江篱回道:“我娘呢,能从你的手中将我娘抢过去,这才是我爹最为骄傲之事吧。”江篱不明白,自己为什么要说出这番话,似乎是要故意激怒丁莫言一般。
丁莫言却未动怒,苦笑道:“江篱,你对一个疯了二十多年的老头子,便非要如此刻薄不可?”
江篱一听这话,心又软了下来,可是怒气还是未消,愤愤道:“你将我抓来此处,强行要我做你的侍女,便不是刻薄之举?你无非便是不满我娘与我爹,而将气都出在我的身上。”
“江篱,莫要再见那叶白宣。”丁莫言竟突然说出这样的话来。
“为什么?”江篱惊道。
“那叶白宣,绝非你想像中如此简单,你留在此处,比待在他身后,更为安全。”
江篱只觉这是她听到的最可笑的话语,语气不禁又冲了起来:“你以为你抹黑了叶白宣,便能为自己洗白?你又如何而知,他便不是个好人?”
丁莫言跳下床来,走至江篱身边,伸手要去拍她的肩,见江篱似有躲避之心,又将手收了回来,道:“我并未说他不是好人,只是他这个人,并非像你所看到的那样。他很复杂,而你,却太过单纯。”
“你与他在梨潇谷相识多年,是否知道些什么?”江篱听他说得玄,竟也起些许的疑心。
丁莫言摇头叹道:“我在梨潇谷时,不过是个疯老头子,虽然偶尔也会清醒片刻,但终究时日太短,我对于在谷中所发生的事,已记不清楚,只记得叶白宣这个人,隐约中似乎听得他对我说起过他的一些往事,只是,我已悉数忘记。但是江篱,我可以告诉你,你若再跟他在一起,或许有一天,你会伤到你自己。”
江篱偏着头,道:“你的意思是说,我跟他在一起会有危险,可是,那也只是你心中的一个感觉,具体的原因,你却说不出来?”

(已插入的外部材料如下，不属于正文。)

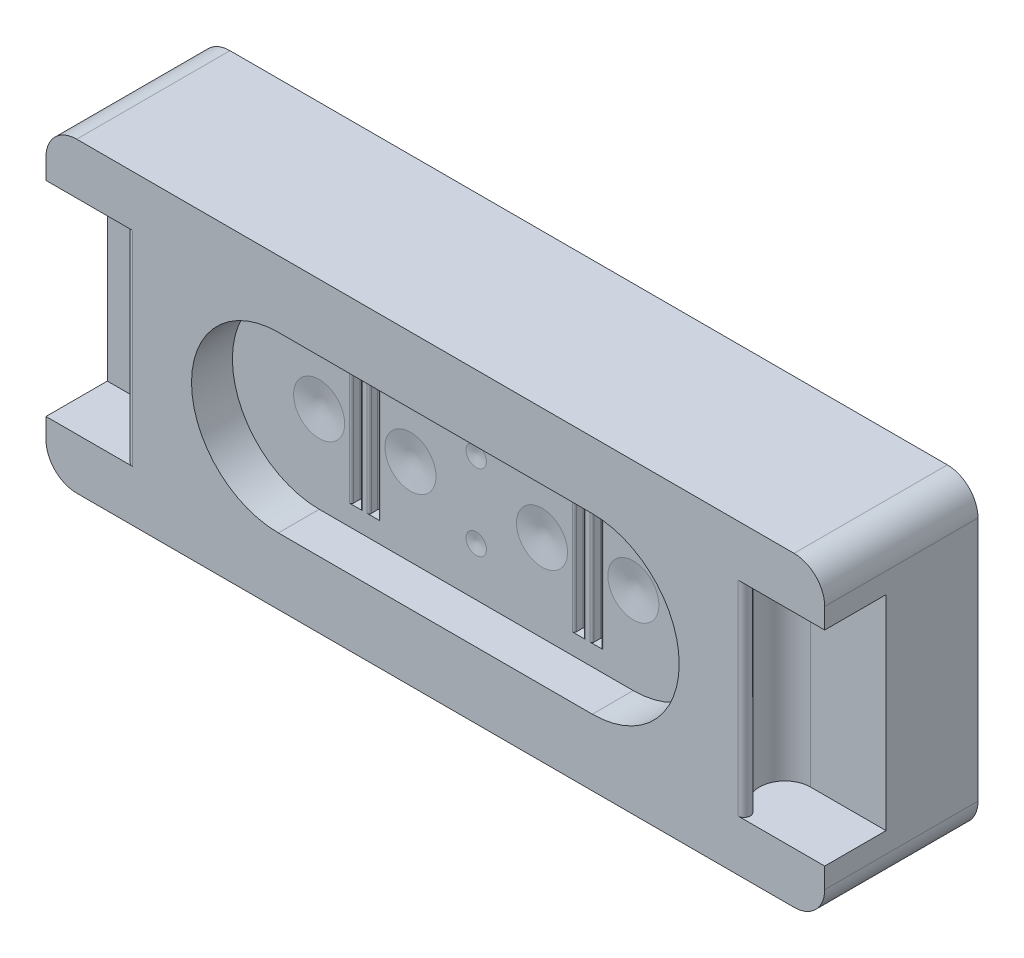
ISO-10303-21;
HEADER;
FILE_DESCRIPTION(('STEP AP214'),'2;1');
FILE_NAME('part.step','',(''),(''),'','','');
FILE_SCHEMA(('AUTOMOTIVE_DESIGN { 1 0 10303 214 1 1 1 1 }'));
ENDSEC;
DATA;
#1=APPLICATION_CONTEXT('core data for automotive mechanical design processes');
#2=APPLICATION_PROTOCOL_DEFINITION('international standard','automotive_design',2000,#1);
#3=PRODUCT_CONTEXT('',#1,'mechanical');
#4=PRODUCT('Part','Part','',(#3));
#5=PRODUCT_RELATED_PRODUCT_CATEGORY('part','',(#4));
#6=PRODUCT_DEFINITION_FORMATION('','',#4);
#7=PRODUCT_DEFINITION_CONTEXT('part definition',#1,'design');
#8=PRODUCT_DEFINITION('design','',#6,#7);
#9=PRODUCT_DEFINITION_SHAPE('','',#8);
#10=(LENGTH_UNIT() NAMED_UNIT(*) SI_UNIT(.MILLI.,.METRE.));
#11=(NAMED_UNIT(*) PLANE_ANGLE_UNIT() SI_UNIT($,.RADIAN.));
#12=(NAMED_UNIT(*) SI_UNIT($,.STERADIAN.) SOLID_ANGLE_UNIT());
#13=UNCERTAINTY_MEASURE_WITH_UNIT(LENGTH_MEASURE(1.E-05),#10,'distance_accuracy_value','');
#14=(GEOMETRIC_REPRESENTATION_CONTEXT(3) GLOBAL_UNCERTAINTY_ASSIGNED_CONTEXT((#13)) GLOBAL_UNIT_ASSIGNED_CONTEXT((#10,
#11,#12)) REPRESENTATION_CONTEXT('',''));
#15=CARTESIAN_POINT('',(0.,0.,0.));
#16=DIRECTION('',(0.,0.,1.));
#17=DIRECTION('',(1.,0.,0.));
#18=AXIS2_PLACEMENT_3D('',#15,#16,#17);
#19=CARTESIAN_POINT('',(0.,0.946095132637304,-1.79605122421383));
#20=DIRECTION('',(0.,0.,1.));
#21=DIRECTION('',(1.,0.,0.));
#22=AXIS2_PLACEMENT_3D('',#19,#20,#21);
#23=CYLINDRICAL_SURFACE('',#22,0.254);
#24=CARTESIAN_POINT('',(0.,0.946095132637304,0.));
#25=DIRECTION('',(0.,0.,1.));
#26=DIRECTION('',(1.,0.,0.));
#27=AXIS2_PLACEMENT_3D('',#24,#25,#26);
#28=CIRCLE('',#27,0.254);
#29=CARTESIAN_POINT('',(0.254,0.946095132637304,0.));
#30=VERTEX_POINT('',#29);
#31=EDGE_CURVE('E12',#30,#30,#28,.F.);
#32=ORIENTED_EDGE('',*,*,#31,.F.);
#33=EDGE_LOOP('',(#32));
#34=FACE_BOUND('',#33,.T.);
#35=CARTESIAN_POINT('',(0.,0.946095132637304,2.794));
#36=DIRECTION('',(0.,0.,1.));
#37=DIRECTION('',(1.,0.,0.));
#38=AXIS2_PLACEMENT_3D('',#35,#36,#37);
#39=CIRCLE('',#38,0.254);
#40=CARTESIAN_POINT('',(0.254,0.946095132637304,2.794));
#41=VERTEX_POINT('',#40);
#42=EDGE_CURVE('E59',#41,#41,#39,.T.);
#43=ORIENTED_EDGE('',*,*,#42,.F.);
#44=EDGE_LOOP('',(#43));
#45=FACE_BOUND('',#44,.T.);
#46=ADVANCED_FACE('F53',(#34,#45),#23,.T.);
#47=CARTESIAN_POINT('',(-9.677499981,-3.81,0.));
#48=DIRECTION('',(0.,0.,1.));
#49=DIRECTION('',(1.,0.,0.));
#50=AXIS2_PLACEMENT_3D('',#47,#48,#49);
#51=PLANE('',#50);
#52=ORIENTED_EDGE('',*,*,#31,.T.);
#53=EDGE_LOOP('',(#52));
#54=FACE_BOUND('',#53,.T.);
#55=ADVANCED_FACE('F66',(#54),#51,.F.);
#56=CARTESIAN_POINT('',(0.,0.946095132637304,2.794));
#57=DIRECTION('',(0.,0.,1.));
#58=DIRECTION('',(1.,0.,0.));
#59=AXIS2_PLACEMENT_3D('',#56,#57,#58);
#60=CONICAL_SURFACE('',#59,0.254,1.39626340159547);
#61=CARTESIAN_POINT('',(0.,0.946095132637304,2.74921294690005));
#62=VERTEX_POINT('',#61);
#63=VERTEX_LOOP('',#62);
#64=FACE_BOUND('',#63,.T.);
#65=ORIENTED_EDGE('',*,*,#42,.T.);
#66=EDGE_LOOP('',(#65));
#67=FACE_BOUND('',#66,.T.);
#68=ADVANCED_FACE('F63',(#64,#67),#60,.F.);
#69=CLOSED_SHELL('',(#46,#55,#68));
#70=MANIFOLD_SOLID_BREP('B2',#69);
#71=CARTESIAN_POINT('',(3.905,0.,-1.79605122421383));
#72=DIRECTION('',(0.,0.,1.));
#73=DIRECTION('',(1.,0.,0.));
#74=AXIS2_PLACEMENT_3D('',#71,#72,#73);
#75=CYLINDRICAL_SURFACE('',#74,0.635000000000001);
#76=CARTESIAN_POINT('',(3.905,0.,0.));
#77=DIRECTION('',(0.,0.,1.));
#78=DIRECTION('',(1.,0.,0.));
#79=AXIS2_PLACEMENT_3D('',#76,#77,#78);
#80=CIRCLE('',#79,0.635000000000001);
#81=CARTESIAN_POINT('',(4.54,0.,0.));
#82=VERTEX_POINT('',#81);
#83=EDGE_CURVE('E51',#82,#82,#80,.F.);
#84=ORIENTED_EDGE('',*,*,#83,.F.);
#85=EDGE_LOOP('',(#84));
#86=FACE_BOUND('',#85,.T.);
#87=CARTESIAN_POINT('',(3.905,0.,2.794));
#88=DIRECTION('',(0.,0.,1.));
#89=DIRECTION('',(1.,0.,0.));
#90=AXIS2_PLACEMENT_3D('',#87,#88,#89);
#91=CIRCLE('',#90,0.635000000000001);
#92=CARTESIAN_POINT('',(4.54,0.,2.794));
#93=VERTEX_POINT('',#92);
#94=EDGE_CURVE('E114',#93,#93,#91,.T.);
#95=ORIENTED_EDGE('',*,*,#94,.F.);
#96=EDGE_LOOP('',(#95));
#97=FACE_BOUND('',#96,.T.);
#98=ADVANCED_FACE('F108',(#86,#97),#75,.T.);
#99=CARTESIAN_POINT('',(-9.677499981,-3.81,0.));
#100=DIRECTION('',(0.,0.,1.));
#101=DIRECTION('',(1.,0.,0.));
#102=AXIS2_PLACEMENT_3D('',#99,#100,#101);
#103=PLANE('',#102);
#104=ORIENTED_EDGE('',*,*,#83,.T.);
#105=EDGE_LOOP('',(#104));
#106=FACE_BOUND('',#105,.T.);
#107=ADVANCED_FACE('F120',(#106),#103,.F.);
#108=CARTESIAN_POINT('',(3.905,0.,2.794));
#109=DIRECTION('',(0.,0.,1.));
#110=DIRECTION('',(1.,0.,0.));
#111=AXIS2_PLACEMENT_3D('',#108,#109,#110);
#112=CONICAL_SURFACE('',#111,0.635000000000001,1.39626340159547);
#113=CARTESIAN_POINT('',(3.905,0.,2.68203236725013));
#114=VERTEX_POINT('',#113);
#115=VERTEX_LOOP('',#114);
#116=FACE_BOUND('',#115,.T.);
#117=ORIENTED_EDGE('',*,*,#94,.T.);
#118=EDGE_LOOP('',(#117));
#119=FACE_BOUND('',#118,.T.);
#120=ADVANCED_FACE('F117',(#116,#119),#112,.F.);
#121=CLOSED_SHELL('',(#98,#107,#120));
#122=MANIFOLD_SOLID_BREP('B6',#121);
#123=CARTESIAN_POINT('',(1.635,0.,-1.79605122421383));
#124=DIRECTION('',(0.,0.,1.));
#125=DIRECTION('',(1.,0.,0.));
#126=AXIS2_PLACEMENT_3D('',#123,#124,#125);
#127=CYLINDRICAL_SURFACE('',#126,0.635000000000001);
#128=CARTESIAN_POINT('',(1.635,0.,0.));
#129=DIRECTION('',(0.,0.,1.));
#130=DIRECTION('',(1.,0.,0.));
#131=AXIS2_PLACEMENT_3D('',#128,#129,#130);
#132=CIRCLE('',#131,0.635000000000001);
#133=CARTESIAN_POINT('',(2.27,0.,0.));
#134=VERTEX_POINT('',#133);
#135=EDGE_CURVE('E106',#134,#134,#132,.F.);
#136=ORIENTED_EDGE('',*,*,#135,.F.);
#137=EDGE_LOOP('',(#136));
#138=FACE_BOUND('',#137,.T.);
#139=CARTESIAN_POINT('',(1.635,0.,2.794));
#140=DIRECTION('',(0.,0.,1.));
#141=DIRECTION('',(1.,0.,0.));
#142=AXIS2_PLACEMENT_3D('',#139,#140,#141);
#143=CIRCLE('',#142,0.635000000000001);
#144=CARTESIAN_POINT('',(2.27,0.,2.794));
#145=VERTEX_POINT('',#144);
#146=EDGE_CURVE('E166',#145,#145,#143,.T.);
#147=ORIENTED_EDGE('',*,*,#146,.F.);
#148=EDGE_LOOP('',(#147));
#149=FACE_BOUND('',#148,.T.);
#150=ADVANCED_FACE('F160',(#138,#149),#127,.T.);
#151=CARTESIAN_POINT('',(-9.677499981,-3.81,0.));
#152=DIRECTION('',(0.,0.,1.));
#153=DIRECTION('',(1.,0.,0.));
#154=AXIS2_PLACEMENT_3D('',#151,#152,#153);
#155=PLANE('',#154);
#156=ORIENTED_EDGE('',*,*,#135,.T.);
#157=EDGE_LOOP('',(#156));
#158=FACE_BOUND('',#157,.T.);
#159=ADVANCED_FACE('F173',(#158),#155,.F.);
#160=CARTESIAN_POINT('',(1.635,0.,2.794));
#161=DIRECTION('',(0.,0.,1.));
#162=DIRECTION('',(1.,0.,0.));
#163=AXIS2_PLACEMENT_3D('',#160,#161,#162);
#164=CONICAL_SURFACE('',#163,0.635000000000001,1.39626340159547);
#165=CARTESIAN_POINT('',(1.635,0.,2.68203236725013));
#166=VERTEX_POINT('',#165);
#167=VERTEX_LOOP('',#166);
#168=FACE_BOUND('',#167,.T.);
#169=ORIENTED_EDGE('',*,*,#146,.T.);
#170=EDGE_LOOP('',(#169));
#171=FACE_BOUND('',#170,.T.);
#172=ADVANCED_FACE('F170',(#168,#171),#164,.F.);
#173=CLOSED_SHELL('',(#150,#159,#172));
#174=MANIFOLD_SOLID_BREP('B45',#173);
#175=CARTESIAN_POINT('',(0.,-0.946095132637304,-1.79605122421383));
#176=DIRECTION('',(0.,0.,1.));
#177=DIRECTION('',(1.,0.,0.));
#178=AXIS2_PLACEMENT_3D('',#175,#176,#177);
#179=CYLINDRICAL_SURFACE('',#178,0.254);
#180=CARTESIAN_POINT('',(0.,-0.946095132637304,0.));
#181=DIRECTION('',(0.,0.,1.));
#182=DIRECTION('',(1.,0.,0.));
#183=AXIS2_PLACEMENT_3D('',#180,#181,#182);
#184=CIRCLE('',#183,0.254);
#185=CARTESIAN_POINT('',(0.254,-0.946095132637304,0.));
#186=VERTEX_POINT('',#185);
#187=EDGE_CURVE('E158',#186,#186,#184,.F.);
#188=ORIENTED_EDGE('',*,*,#187,.F.);
#189=EDGE_LOOP('',(#188));
#190=FACE_BOUND('',#189,.T.);
#191=CARTESIAN_POINT('',(0.,-0.946095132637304,2.794));
#192=DIRECTION('',(0.,0.,1.));
#193=DIRECTION('',(1.,0.,0.));
#194=AXIS2_PLACEMENT_3D('',#191,#192,#193);
#195=CIRCLE('',#194,0.254);
#196=CARTESIAN_POINT('',(0.254,-0.946095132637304,2.794));
#197=VERTEX_POINT('',#196);
#198=EDGE_CURVE('E222',#197,#197,#195,.T.);
#199=ORIENTED_EDGE('',*,*,#198,.F.);
#200=EDGE_LOOP('',(#199));
#201=FACE_BOUND('',#200,.T.);
#202=ADVANCED_FACE('F216',(#190,#201),#179,.T.);
#203=CARTESIAN_POINT('',(-9.677499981,-3.81,0.));
#204=DIRECTION('',(0.,0.,1.));
#205=DIRECTION('',(1.,0.,0.));
#206=AXIS2_PLACEMENT_3D('',#203,#204,#205);
#207=PLANE('',#206);
#208=ORIENTED_EDGE('',*,*,#187,.T.);
#209=EDGE_LOOP('',(#208));
#210=FACE_BOUND('',#209,.T.);
#211=ADVANCED_FACE('F229',(#210),#207,.F.);
#212=CARTESIAN_POINT('',(0.,-0.946095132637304,2.794));
#213=DIRECTION('',(0.,0.,1.));
#214=DIRECTION('',(1.,0.,0.));
#215=AXIS2_PLACEMENT_3D('',#212,#213,#214);
#216=CONICAL_SURFACE('',#215,0.254,1.39626340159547);
#217=CARTESIAN_POINT('',(0.,-0.946095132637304,2.74921294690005));
#218=VERTEX_POINT('',#217);
#219=VERTEX_LOOP('',#218);
#220=FACE_BOUND('',#219,.T.);
#221=ORIENTED_EDGE('',*,*,#198,.T.);
#222=EDGE_LOOP('',(#221));
#223=FACE_BOUND('',#222,.T.);
#224=ADVANCED_FACE('F226',(#220,#223),#216,.F.);
#225=CLOSED_SHELL('',(#202,#211,#224));
#226=MANIFOLD_SOLID_BREP('B100',#225);
#227=CARTESIAN_POINT('',(-1.635,0.,-1.79605122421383));
#228=DIRECTION('',(0.,0.,1.));
#229=DIRECTION('',(1.,0.,0.));
#230=AXIS2_PLACEMENT_3D('',#227,#228,#229);
#231=CYLINDRICAL_SURFACE('',#230,0.635);
#232=CARTESIAN_POINT('',(-1.635,0.,0.));
#233=DIRECTION('',(0.,0.,1.));
#234=DIRECTION('',(1.,0.,0.));
#235=AXIS2_PLACEMENT_3D('',#232,#233,#234);
#236=CIRCLE('',#235,0.635);
#237=CARTESIAN_POINT('',(-1.,0.,0.));
#238=VERTEX_POINT('',#237);
#239=EDGE_CURVE('E214',#238,#238,#236,.F.);
#240=ORIENTED_EDGE('',*,*,#239,.F.);
#241=EDGE_LOOP('',(#240));
#242=FACE_BOUND('',#241,.T.);
#243=CARTESIAN_POINT('',(-1.635,0.,2.794));
#244=DIRECTION('',(0.,0.,1.));
#245=DIRECTION('',(1.,0.,0.));
#246=AXIS2_PLACEMENT_3D('',#243,#244,#245);
#247=CIRCLE('',#246,0.635);
#248=CARTESIAN_POINT('',(-1.,0.,2.794));
#249=VERTEX_POINT('',#248);
#250=EDGE_CURVE('E277',#249,#249,#247,.T.);
#251=ORIENTED_EDGE('',*,*,#250,.F.);
#252=EDGE_LOOP('',(#251));
#253=FACE_BOUND('',#252,.T.);
#254=ADVANCED_FACE('F271',(#242,#253),#231,.T.);
#255=CARTESIAN_POINT('',(-9.677499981,-3.81,0.));
#256=DIRECTION('',(0.,0.,1.));
#257=DIRECTION('',(1.,0.,0.));
#258=AXIS2_PLACEMENT_3D('',#255,#256,#257);
#259=PLANE('',#258);
#260=ORIENTED_EDGE('',*,*,#239,.T.);
#261=EDGE_LOOP('',(#260));
#262=FACE_BOUND('',#261,.T.);
#263=ADVANCED_FACE('F284',(#262),#259,.F.);
#264=CARTESIAN_POINT('',(-1.635,0.,2.794));
#265=DIRECTION('',(0.,0.,1.));
#266=DIRECTION('',(1.,0.,0.));
#267=AXIS2_PLACEMENT_3D('',#264,#265,#266);
#268=CONICAL_SURFACE('',#267,0.635,1.39626340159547);
#269=CARTESIAN_POINT('',(-1.635,0.,2.68203236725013));
#270=VERTEX_POINT('',#269);
#271=VERTEX_LOOP('',#270);
#272=FACE_BOUND('',#271,.T.);
#273=ORIENTED_EDGE('',*,*,#250,.T.);
#274=EDGE_LOOP('',(#273));
#275=FACE_BOUND('',#274,.T.);
#276=ADVANCED_FACE('F281',(#272,#275),#268,.F.);
#277=CLOSED_SHELL('',(#254,#263,#276));
#278=MANIFOLD_SOLID_BREP('B152',#277);
#279=CARTESIAN_POINT('',(-3.905,0.,-1.79605122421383));
#280=DIRECTION('',(0.,0.,1.));
#281=DIRECTION('',(1.,0.,0.));
#282=AXIS2_PLACEMENT_3D('',#279,#280,#281);
#283=CYLINDRICAL_SURFACE('',#282,0.635000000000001);
#284=CARTESIAN_POINT('',(-3.905,0.,0.));
#285=DIRECTION('',(0.,0.,1.));
#286=DIRECTION('',(1.,0.,0.));
#287=AXIS2_PLACEMENT_3D('',#284,#285,#286);
#288=CIRCLE('',#287,0.635000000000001);
#289=CARTESIAN_POINT('',(-3.27,0.,0.));
#290=VERTEX_POINT('',#289);
#291=EDGE_CURVE('E269',#290,#290,#288,.F.);
#292=ORIENTED_EDGE('',*,*,#291,.F.);
#293=EDGE_LOOP('',(#292));
#294=FACE_BOUND('',#293,.T.);
#295=CARTESIAN_POINT('',(-3.905,0.,2.794));
#296=DIRECTION('',(0.,0.,1.));
#297=DIRECTION('',(1.,0.,0.));
#298=AXIS2_PLACEMENT_3D('',#295,#296,#297);
#299=CIRCLE('',#298,0.635000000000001);
#300=CARTESIAN_POINT('',(-3.27,0.,2.794));
#301=VERTEX_POINT('',#300);
#302=EDGE_CURVE('E331',#301,#301,#299,.T.);
#303=ORIENTED_EDGE('',*,*,#302,.F.);
#304=EDGE_LOOP('',(#303));
#305=FACE_BOUND('',#304,.T.);
#306=ADVANCED_FACE('F325',(#294,#305),#283,.T.);
#307=CARTESIAN_POINT('',(-9.677499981,-3.81,0.));
#308=DIRECTION('',(0.,0.,1.));
#309=DIRECTION('',(1.,0.,0.));
#310=AXIS2_PLACEMENT_3D('',#307,#308,#309);
#311=PLANE('',#310);
#312=ORIENTED_EDGE('',*,*,#291,.T.);
#313=EDGE_LOOP('',(#312));
#314=FACE_BOUND('',#313,.T.);
#315=ADVANCED_FACE('F337',(#314),#311,.F.);
#316=CARTESIAN_POINT('',(-3.905,0.,2.794));
#317=DIRECTION('',(0.,0.,1.));
#318=DIRECTION('',(1.,0.,0.));
#319=AXIS2_PLACEMENT_3D('',#316,#317,#318);
#320=CONICAL_SURFACE('',#319,0.635000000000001,1.39626340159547);
#321=CARTESIAN_POINT('',(-3.905,0.,2.68203236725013));
#322=VERTEX_POINT('',#321);
#323=VERTEX_LOOP('',#322);
#324=FACE_BOUND('',#323,.T.);
#325=ORIENTED_EDGE('',*,*,#302,.T.);
#326=EDGE_LOOP('',(#325));
#327=FACE_BOUND('',#326,.T.);
#328=ADVANCED_FACE('F334',(#324,#327),#320,.F.);
#329=CLOSED_SHELL('',(#306,#315,#328));
#330=MANIFOLD_SOLID_BREP('B208',#329);
#331=CARTESIAN_POINT('',(7.8011,-2.54,2.921));
#332=DIRECTION('',(0.,1.,0.));
#333=DIRECTION('',(0.,0.,1.));
#334=AXIS2_PLACEMENT_3D('',#331,#332,#333);
#335=CYLINDRICAL_SURFACE('',#334,0.635);
#336=DIRECTION('',(0.,1.,0.));
#337=VECTOR('',#336,1.);
#338=CARTESIAN_POINT('',(7.57671043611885,-2.94549373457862,3.51503225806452));
#339=LINE('',#338,#337);
#340=CARTESIAN_POINT('',(7.57671043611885,-2.54,3.51503225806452));
#341=VERTEX_POINT('',#340);
#342=CARTESIAN_POINT('',(7.57671043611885,2.54,3.51503225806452));
#343=VERTEX_POINT('',#342);
#344=EDGE_CURVE('E747',#341,#343,#339,.T.);
#345=ORIENTED_EDGE('',*,*,#344,.F.);
#346=CARTESIAN_POINT('',(7.8011,-2.54,2.921));
#347=DIRECTION('',(0.,1.,0.));
#348=DIRECTION('',(0.,0.,1.));
#349=AXIS2_PLACEMENT_3D('',#346,#347,#348);
#350=CIRCLE('',#349,0.635);
#351=CARTESIAN_POINT('',(7.8011,-2.54,2.286));
#352=VERTEX_POINT('',#351);
#353=EDGE_CURVE('E799',#352,#341,#350,.T.);
#354=ORIENTED_EDGE('',*,*,#353,.F.);
#355=DIRECTION('',(0.,1.,0.));
#356=VECTOR('',#355,1.);
#357=CARTESIAN_POINT('',(7.8011,-2.54,2.286));
#358=LINE('',#357,#356);
#359=CARTESIAN_POINT('',(7.8011,2.54,2.286));
#360=VERTEX_POINT('',#359);
#361=EDGE_CURVE('E814',#352,#360,#358,.T.);
#362=ORIENTED_EDGE('',*,*,#361,.T.);
#363=CARTESIAN_POINT('',(7.8011,2.54,2.921));
#364=DIRECTION('',(0.,1.,0.));
#365=DIRECTION('',(0.,0.,1.));
#366=AXIS2_PLACEMENT_3D('',#363,#364,#365);
#367=CIRCLE('',#366,0.635);
#368=EDGE_CURVE('E740',#360,#343,#367,.T.);
#369=ORIENTED_EDGE('',*,*,#368,.T.);
#370=EDGE_LOOP('',(#345,#354,#362,#369));
#371=FACE_BOUND('',#370,.T.);
#372=ADVANCED_FACE('F368',(#371),#335,.F.);
#373=CARTESIAN_POINT('',(-9.677499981,-3.81,3.81));
#374=DIRECTION('',(0.,0.,1.));
#375=DIRECTION('',(1.,0.,0.));
#376=AXIS2_PLACEMENT_3D('',#373,#374,#375);
#377=PLANE('',#376);
#378=DIRECTION('',(0.,-1.,0.));
#379=VECTOR('',#378,1.);
#380=CARTESIAN_POINT('',(-9.677499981,3.81,3.81));
#381=LINE('',#380,#379);
#382=CARTESIAN_POINT('',(-9.677499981,-2.54,3.81));
#383=VERTEX_POINT('',#382);
#384=CARTESIAN_POINT('',(-9.677499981,-3.048,3.81));
#385=VERTEX_POINT('',#384);
#386=EDGE_CURVE('E902',#383,#385,#381,.T.);
#387=ORIENTED_EDGE('',*,*,#386,.T.);
#388=CARTESIAN_POINT('',(-8.915499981,-3.048,3.81));
#389=DIRECTION('',(0.,0.,1.));
#390=DIRECTION('',(1.,0.,0.));
#391=AXIS2_PLACEMENT_3D('',#388,#389,#390);
#392=CIRCLE('',#391,0.762);
#393=CARTESIAN_POINT('',(-8.915499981,-3.81,3.81));
#394=VERTEX_POINT('',#393);
#395=EDGE_CURVE('E948',#385,#394,#392,.T.);
#396=ORIENTED_EDGE('',*,*,#395,.T.);
#397=DIRECTION('',(1.,0.,0.));
#398=VECTOR('',#397,1.);
#399=CARTESIAN_POINT('',(-9.677499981,-3.81,3.81));
#400=LINE('',#399,#398);
#401=CARTESIAN_POINT('',(8.915499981,-3.81,3.81));
#402=VERTEX_POINT('',#401);
#403=EDGE_CURVE('E901',#394,#402,#400,.T.);
#404=ORIENTED_EDGE('',*,*,#403,.T.);
#405=CARTESIAN_POINT('',(8.915499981,-3.048,3.81));
#406=DIRECTION('',(0.,0.,1.));
#407=DIRECTION('',(1.,0.,0.));
#408=AXIS2_PLACEMENT_3D('',#405,#406,#407);
#409=CIRCLE('',#408,0.762);
#410=CARTESIAN_POINT('',(9.677499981,-3.048,3.81));
#411=VERTEX_POINT('',#410);
#412=EDGE_CURVE('E942',#402,#411,#409,.T.);
#413=ORIENTED_EDGE('',*,*,#412,.T.);
#414=DIRECTION('',(0.,1.,0.));
#415=VECTOR('',#414,1.);
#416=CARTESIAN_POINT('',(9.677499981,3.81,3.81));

“是的。”丁莫言据实以告,他对江篱,虽无爱意,却也无爱意,毕竟是他深爱过的女人的孩子,他的心中,还是有想要保护她的意思。
“若是如此,我又如何能信你?”
“你不必信我,只因这世上只要有我,我便不会让他再靠近你,江篱,留在这赤梅山庄,于你,于我,于他,都是好事。”丁莫言的言语中尽是霸道的意味,江篱却奈何他不可。
“算了,我也未曾有逃出去的念头。还是说一说,你为何会突然疯了二十多年,却又突然正常起来?”江篱帮意说些软话,转移了方才那个话题,她现在要做的,是取得丁莫言的信任,至少要让他替自己解开身被封的穴道,恢复自身的内力,才能想办法逃出庄去。
丁莫言将江篱拉至桌边,坐了下来,还替她倒上茶水,这才开口道:“二十多年前,我与你爹在这附近的半月山上比试,为的便是争夺你娘。你爹也算是条汉子,明知打不赢我,为了你娘,竟也豁出去性命。岂料你娘竟要用自己的性命来保他的命,我丁莫言自负一生,却未料到,最后竟败在他们二人手下。那一日,我放过了他们,也离开了这赤梅庄,独自一人在江湖上游荡,最终便进了梨潇谷,过起了独居的生活。”
“想不到,你竟是受了刺激,才会疯了这么多年。我娘真有如此大的魅力,失去她,能让你痛苦至此?”